AIN is developing a 14-part series of articles, infographics and videos that speak to Tomorrow's Aviation Challenges. Sponsored by Honeywell Aerospace. Learn more. .
As cybersecurity in air traffic management (ATM) becomes more of a priority, companies and regulators are increasing their focus on technological solutions, notably potential applications of artificial intelligence (AI) and blockchain.
Cyber for ATM was a major focus of Cybertech Europe, a cybersecurity conference in Rome in late September. The conference heard from a number of senior figures in international ATM cybersecurity, including Patrick Mana, manager of the European Air Traffic Management Computer Emergency Response Team (EATM-CERT) and cybersecurity cell manager at Eurocontrol.
The cyber threats to aviation take numerous forms, said Mana. First, state-sponsored attacks pose a real and significant threat, he said. Second, aviation and ATM are targets of cyber crime, both directly (with criminals seeking to steal information or money) and indirectly (when the criminals attack systems without realizing they are part of an ATM solution). Third, he pointed to the threat from "hacktivists," actors who use their cyber activities to convey political or other types of messages. There have been examples of hacktivists accessing flight information screens to transmit messages, he said, which may not be connected to aviation.
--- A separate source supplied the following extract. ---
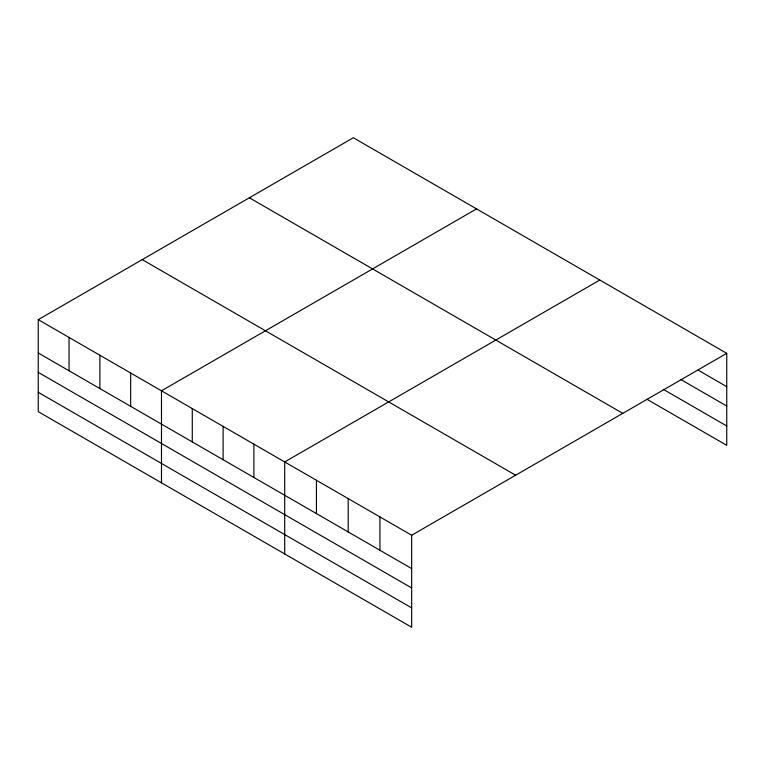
<?xml version="1.0" encoding="UTF-8"?>
<svg xmlns="http://www.w3.org/2000/svg" width="765" height="765" viewBox="0 0 765 765"><rect width="100%" height="100%" fill="white"/><g stroke="black" fill="none" stroke-linecap="round" stroke-linejoin="round"><path stroke-width="1.15" d="M411.666 587.941L411.666 535.251L38.25 319.655L38.25 411.666L411.666 627.252L411.666 587.941L38.25 372.345M646.884 399.234L726.75 445.345L726.75 353.334L353.334 137.748L38.25 319.655M476.557 208.893L161.482 390.8L161.482 482.811M599.789 280.038L284.704 461.945L284.704 553.956M411.666 535.251L726.75 353.334M698.082 370.107L726.75 386.66M680.678 379.421L726.75 406.024M663.265 389.328L726.75 425.981M249.352 197.772L622.777 413.368M142.223 259.622L515.648 475.218M38.25 352.981L411.666 568.577M38.25 392.302L411.666 607.888M379.928 516.92L379.928 550.245M348.19 498.598L348.19 531.924M316.442 480.267L316.442 513.592M253.894 444.159L253.894 477.484M223.093 426.373L223.093 459.698M192.283 408.587L192.283 441.912M130.672 373.014L130.672 406.339M99.861 355.228L99.861 388.553M69.06 337.442L69.06 370.767"/></g></svg>

The scale of the threat means it is no longer truly possible to be completely cyber-secure, Mana said. The real goal should be “cyber-resilience,” focusing both on defending against attacks and quickly reacting should such an attack succeed.
“We are assuming that things will happen,” he said. Taking this viewpoint could help ensure that attacks create less significant interruptions to services for shorter periods of time, he added.
There is a particular requirement in aviation for various stakeholders to collaborate, given the ubiquitous nature of the threat, Mana said. Eurocontrol aims to work closely with authorities like the European Union Aviation Safety Agency (EASA), national agencies and industry. This collaboration will be particularly important in building cyber threat intelligence, Mana said.
Italy’s Leonardo is working to boost cybersecurity in ATM in several ways, said Giuliano d’Auria, from the chief technical office of the company’s electronics division's traffic-control systems business unit. He also emphasized the need for systems that bolster resilience over security, particularly given the evolving nature of the cyber threat. “We should be developing systems which are able to deal with the after-effects of an attack,” he said.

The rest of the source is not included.